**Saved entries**
------
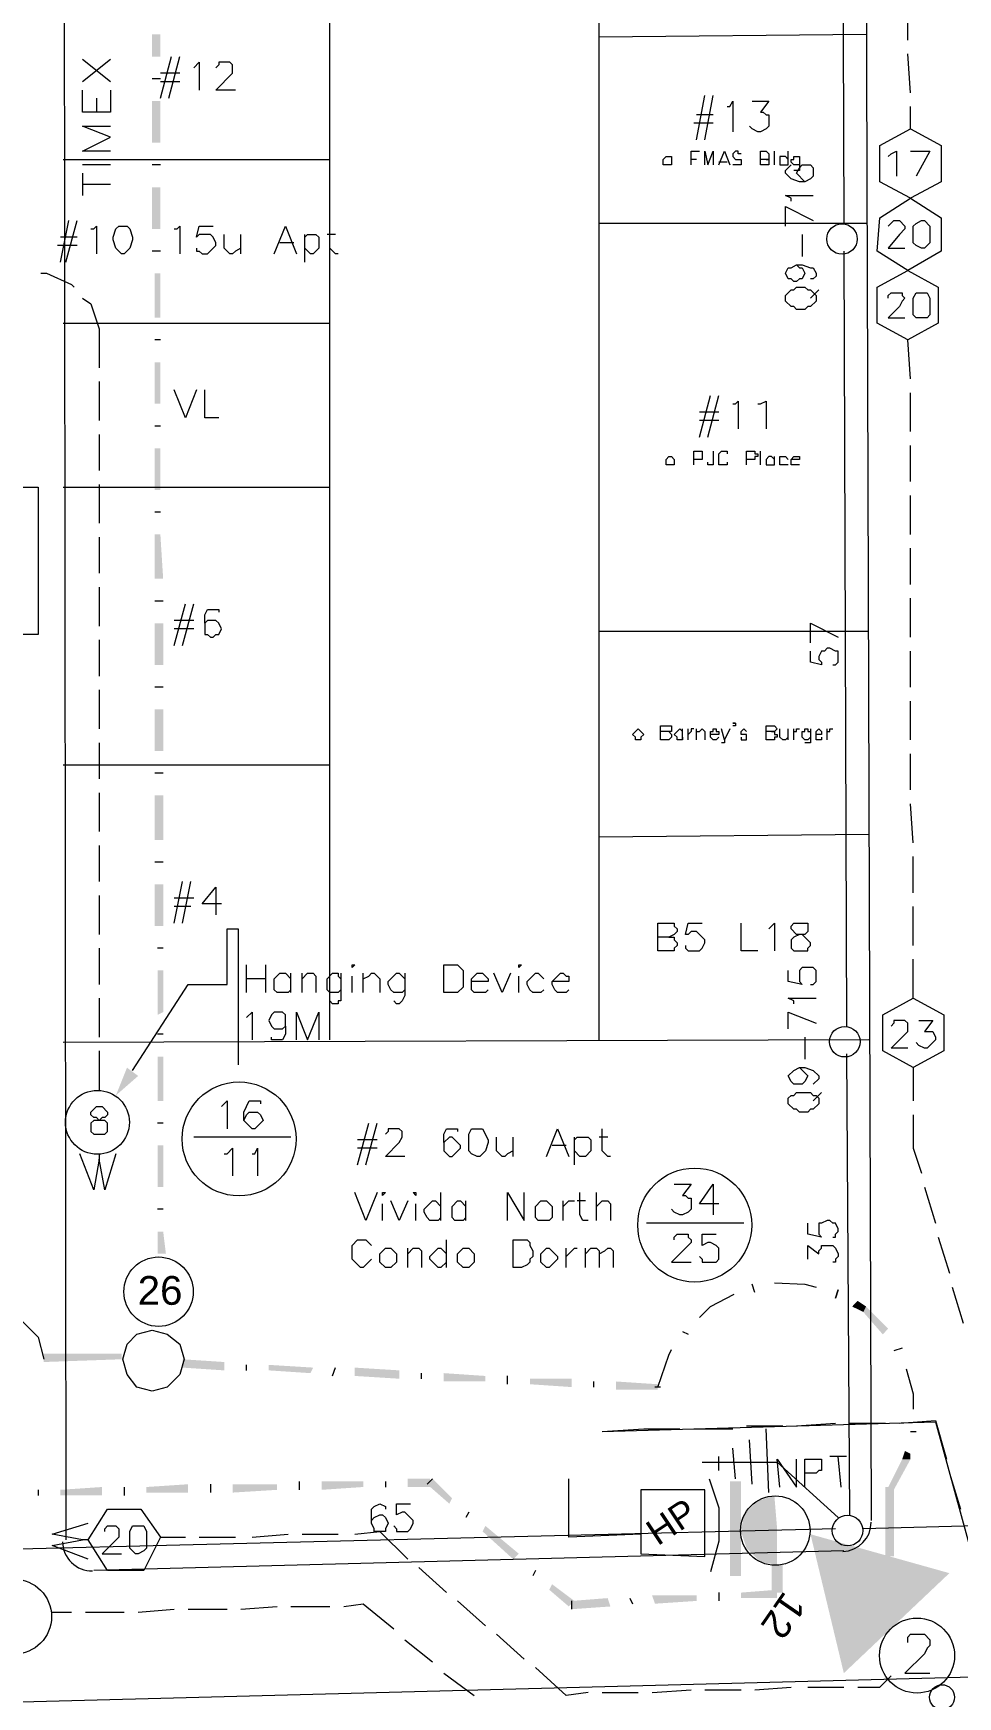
# Model space of a CAD drawing. Header units: millimetres. Extents: x 5.9 to 40.1, y 2 to 30.5.
# Drawn here: x 26.982 to 28.521, y 10.086 to 12.857 of the extents above; entities that cross this region are included whole.
import ezdxf

# ---------------------------------------------------------------- set-up
doc = ezdxf.new("R2010")
doc.units = ezdxf.units.MM
for name, color, linetype in [('PDF_0', 7, 'Continuous'), ('PDF_S31$CAAER01', 7, 'Continuous'), ('PDF_S31$CPSYM01', 7, 'Continuous'), ('PDF_S31$GDC$MDU', 1, 'Continuous'), ('PDF_S31$HIGHPASS', 6, 'Continuous'), ('PDF_S31$NAME-LANDMARK', 7, 'Continuous'), ('PDF_S31$NAME-ROAD', 7, 'Continuous'), ('PDF_S31$Passives-Highleg', 7, 'Continuous'), ('PDF_S31$Passives-Splt2way', 7, 'Continuous'), ('PDF_S31$Passives-TapOffs', 7, 'Continuous'), ('PDF_S31$POLE', 7, 'Continuous'), ('PDF_S31$STRAND', 7, 'Continuous'), ('PDF_S31$Symbols-Terminator', 7, 'Continuous'), ('PDF_S31$TPSYM01', 7, 'Continuous'), ('PDF_S31$TRSYM01', 7, 'Continuous'), ('PDF_Text', 7, 'Continuous')]:
    doc.layers.add(name, color=color, linetype=linetype)
for name, color, linetype, true_color in [('PDF_S31$Actives-Amplifier', 92, 'Continuous', 0x00b800), ('PDF_S31$Cable-565', 23, 'Continuous', 0xdd8a6e), ('PDF_S31$LOTS', 254, 'Continuous', 0xdcdcdc), ('PDF_S31$MDU', 153, 'Continuous', 0x6ea5dd), ('PDF_S31$Reverse$Not$Active', 61, 'Continuous', 0xdfff7f), ('PDF_S31$ROAD', 8, 'Continuous', 0x808080), ('PDF_S31$SDU', 157, 'Continuous', 0x396472), ('PDF_S31$Symbols-EndOfLine', 15, 'Continuous', 0x954a4a), ('PDF_S31$Symbols-Ground', 12, 'Continuous', 0xb80000)]:
    doc.layers.add(name, color=color, linetype=linetype, true_color=true_color)
doc.styles.add('PDF ArialMT', font='arial.ttf')

msp = doc.modelspace()

# ---------------------------------------------------------------- hatches: boundary and pattern name
at = {"layer": 'PDF_0', "transparency": 33554559}
for points in [[(28.1603, 10.4444), (28.1418, 10.4444), (28.1603, 10.2871)], [(28.1603, 10.2871), (28.1418, 10.4444), (28.1418, 10.2871)]]:
    msp.add_hatch(color=256, dxfattribs=at).paths.add_polyline_path(points)
at = {"layer": 'PDF_S31$CAAER01', "transparency": 33554559}
for points in [[(27.1794, 12.8181), (27.1932, 12.8181), (27.1794, 12.8551)], [(27.1794, 12.8551), (27.1932, 12.8181), (27.1932, 12.8551)], [(27.1794, 12.6746), (27.1932, 12.6746), (27.1794, 12.744)], [(27.1794, 12.744), (27.1932, 12.6746), (27.1932, 12.744)], [(27.1794, 12.5312), (27.1932, 12.5312), (27.1794, 12.6006)], [(27.1794, 12.6006), (27.1932, 12.5312), (27.1932, 12.6006)], [(27.184, 12.3831), (27.1932, 12.3831), (27.184, 12.4572)], [(27.184, 12.4572), (27.1932, 12.3831), (27.1932, 12.4572)], [(27.184, 12.2397), (27.1932, 12.2397), (27.184, 12.3091)], [(27.184, 12.3091), (27.1932, 12.2397), (27.1932, 12.3091)], [(27.184, 12.0963), (27.1932, 12.0963), (27.184, 12.1657)], [(27.184, 12.1657), (27.1932, 12.0963), (27.1932, 12.1657)], [(27.184, 11.9482), (27.1979, 11.9482), (27.184, 12.0222)], [(27.184, 12.0222), (27.1979, 11.9482), (27.1932, 12.0222)], [(27.184, 11.8047), (27.1979, 11.8047), (27.184, 11.8742)], [(27.184, 11.8742), (27.1979, 11.8047), (27.1979, 11.8742)], [(27.184, 11.6613), (27.1979, 11.6613), (27.184, 11.7307)], [(27.184, 11.7307), (27.1979, 11.6613), (27.1979, 11.7307)], [(27.184, 11.5132), (27.1979, 11.5132), (27.184, 11.5873)], [(27.184, 11.5873), (27.1979, 11.5132), (27.1979, 11.5873)], [(27.184, 11.3698), (27.1979, 11.3698), (27.184, 11.4392)], [(27.184, 11.4392), (27.1979, 11.3698), (27.1979, 11.4392)], [(27.1886, 11.2217), (27.1979, 11.2264), (27.1886, 11.2958)], [(27.1886, 11.2958), (27.1979, 11.2264), (27.1979, 11.2958)], [(27.1886, 11.0783), (27.1979, 11.0783), (27.1886, 11.1523)], [(27.1886, 11.1523), (27.1979, 11.0783), (27.1979, 11.1523)], [(27.1886, 10.9349), (27.1979, 10.9349), (27.1886, 11.0043)], [(27.1886, 11.0043), (27.1979, 10.9349), (27.1979, 11.0043)], [(27.1886, 10.8238), (27.2025, 10.8238), (27.1886, 10.8608)], [(27.1886, 10.8608), (27.2025, 10.8238), (27.1979, 10.8608)], [(28.3639, 10.7267), (28.3546, 10.7452), (28.3454, 10.7359)], [(28.3639, 10.7267), (28.3685, 10.7359), (28.3546, 10.7452)], [(28.3963, 10.6896), (28.3685, 10.7359), (28.3639, 10.7267)], [(28.3963, 10.6896), (28.4055, 10.6989), (28.3685, 10.7359)], [(26.9989, 10.6573), (26.9989, 10.6434), (27.1285, 10.6573)], [(27.1285, 10.6573), (26.9989, 10.6434), (27.1285, 10.648)], [(27.2303, 10.648), (27.2303, 10.6341), (27.2997, 10.6434)], [(27.2997, 10.6434), (27.2303, 10.6341), (27.2997, 10.6295)], [(27.3737, 10.6387), (27.3737, 10.6295), (27.4477, 10.6341)], [(27.4477, 10.6341), (27.3737, 10.6295), (27.4431, 10.6249)], [(27.5171, 10.6341), (27.5171, 10.6202), (27.5912, 10.6295)], [(27.5912, 10.6295), (27.5171, 10.6202), (27.5912, 10.6156)], [(27.6652, 10.6249), (27.6652, 10.611), (27.7346, 10.6202)], [(27.7346, 10.6202), (27.6652, 10.611), (27.7346, 10.611)], [(27.8086, 10.6156), (27.8086, 10.6064), (27.878, 10.6156)], [(27.878, 10.6156), (27.8086, 10.6064), (27.878, 10.6017)], [(27.9521, 10.611), (27.9521, 10.5971), (28.0215, 10.6064)], [(28.0215, 10.6064), (27.9521, 10.5971), (28.0215, 10.5971)], [(28.4055, 10.4352), (28.4148, 10.4305), (28.4425, 10.4814)], [(28.4055, 10.4352), (28.4425, 10.4814), (28.4287, 10.4814)], [(28.4287, 10.4814), (28.4425, 10.4907), (28.4333, 10.4953)], [(28.4287, 10.4814), (28.4425, 10.4814), (28.4425, 10.4907)], [(27.6421, 10.4352), (27.6421, 10.449), (27.6051, 10.4352)], [(27.6051, 10.4352), (27.6421, 10.449), (27.6051, 10.449)], [(27.6374, 10.4398), (27.6791, 10.4166), (27.6467, 10.449)], [(27.0961, 10.4213), (27.0961, 10.4352), (27.0267, 10.4213)], [(27.0267, 10.4213), (27.0961, 10.4352), (27.0267, 10.4305)], [(27.2395, 10.4259), (27.2395, 10.4398), (27.1701, 10.4259)], [(27.1701, 10.4259), (27.2395, 10.4398), (27.1701, 10.4352)], [(27.3876, 10.4305), (27.3876, 10.4398), (27.3136, 10.4259)], [(27.3136, 10.4259), (27.3876, 10.4398), (27.3136, 10.4398)], [(27.531, 10.4352), (27.531, 10.4444), (27.4616, 10.4305)], [(27.4616, 10.4305), (27.531, 10.4444), (27.4616, 10.4444)], [(27.6745, 10.4074), (27.6791, 10.4166), (27.6374, 10.4398)], [(28.4148, 10.4352), (28.4009, 10.4352), (28.4148, 10.3195)], [(28.4148, 10.3195), (28.4009, 10.4352), (28.4009, 10.3195)], [(27.73, 10.3611), (27.7901, 10.3241), (27.7346, 10.3704)], [(27.7809, 10.3149), (27.7901, 10.3241), (27.73, 10.3611)], [(28.2297, 10.3056), (28.2112, 10.3056), (28.2297, 10.2593)], [(28.2297, 10.2593), (28.2112, 10.3056), (28.2112, 10.2593)], [(27.841, 10.264), (27.8827, 10.2454), (27.8457, 10.2732)], [(27.8734, 10.2362), (27.8827, 10.2454), (27.841, 10.264)], [(28.0169, 10.2408), (28.0863, 10.2547), (28.0122, 10.2547)], [(28.0863, 10.2454), (28.0863, 10.2547), (28.0169, 10.2408)], [(28.2204, 10.2501), (28.2204, 10.264), (28.1603, 10.2501)], [(28.1603, 10.2501), (28.2204, 10.264), (28.1603, 10.2593)], [(27.9428, 10.2362), (27.9382, 10.2501), (27.878, 10.2316)], [(27.878, 10.2316), (27.9382, 10.2501), (27.878, 10.2454)]]:
    msp.add_hatch(color=256, dxfattribs=at).paths.add_polyline_path(points)
at = {"layer": 'PDF_S31$CPSYM01', "transparency": 33554559}
for points in [[(28.2158, 10.4213), (28.1881, 10.412), (28.2204, 10.3657)], [(28.2204, 10.3657), (28.1881, 10.412), (28.1649, 10.3889)], [(28.2204, 10.3657), (28.1649, 10.3889), (28.1603, 10.3611)], [(28.1603, 10.3611), (28.1695, 10.3334), (28.2204, 10.3657)], [(28.2204, 10.3657), (28.1695, 10.3334), (28.1927, 10.3102)], [(28.2204, 10.3657), (28.1927, 10.3102), (28.2204, 10.3056)]]:
    msp.add_hatch(color=256, dxfattribs=at).paths.add_polyline_path(points)
at = {"layer": 'PDF_S31$NAME-LANDMARK', "transparency": 33554559}
msp.add_hatch(color=256, dxfattribs=at).paths.add_polyline_path([(27.1192, 11.0876), (27.1562, 11.12), (27.1377, 11.1338)])
at = {"layer": 'PDF_S31$TRSYM01', "transparency": 33554559}
msp.add_hatch(color=256, dxfattribs=at).paths.add_polyline_path([(28.3315, 10.1251), (28.5073, 10.2917), (28.276, 10.3565)])

# ---------------------------------------------------------------- linework, layer by layer
at = {"layer": 'PDF_0', "lineweight": 0}
msp.add_lwpolyline([(28.1071, 10.449), (28.1233, 10.4005), (28.1233, 10.3449), (28.1094, 10.294)], dxfattribs=at)
at = {"layer": 'PDF_S31$Actives-Amplifier', "lineweight": 13}
msp.add_lwpolyline([(26.8185, 11.8556), (26.8185, 12.1009), (26.9897, 12.1009), (26.9897, 11.8556)], close=True, dxfattribs=at)
at = {"layer": 'PDF_S31$CAAER01', "lineweight": 0}
for points in [[(27.1932, 12.781), (27.1794, 12.781)], [(27.1932, 12.6376), (27.1794, 12.6376)], [(27.1932, 12.4942), (27.1794, 12.4942)], [(27.1932, 12.3461), (27.184, 12.3461)], [(27.1932, 12.2027), (27.184, 12.2027)], [(27.1932, 12.0592), (27.184, 12.0592)], [(27.1979, 11.9112), (27.184, 11.9112)], [(27.1979, 11.7677), (27.184, 11.7677)], [(27.1979, 11.6243), (27.184, 11.6243)], [(27.1979, 11.4762), (27.184, 11.4762)], [(27.1979, 11.3328), (27.1886, 11.3328)], [(27.1979, 11.1894), (27.1886, 11.1894)], [(27.1979, 11.0413), (27.1886, 11.0413)], [(27.1979, 10.8979), (27.1886, 10.8979)], [(28.0909, 10.7174), (28.1094, 10.7359), (28.1487, 10.7567)], [(28.1834, 10.759), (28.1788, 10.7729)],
------
**EXERCISE DETAILS**
For the word "ezdxf", return every line of the records that holds it.

**ANSWER SECTION**
import ezdxf
doc = ezdxf.new("R2010")
doc.units = ezdxf.units.MM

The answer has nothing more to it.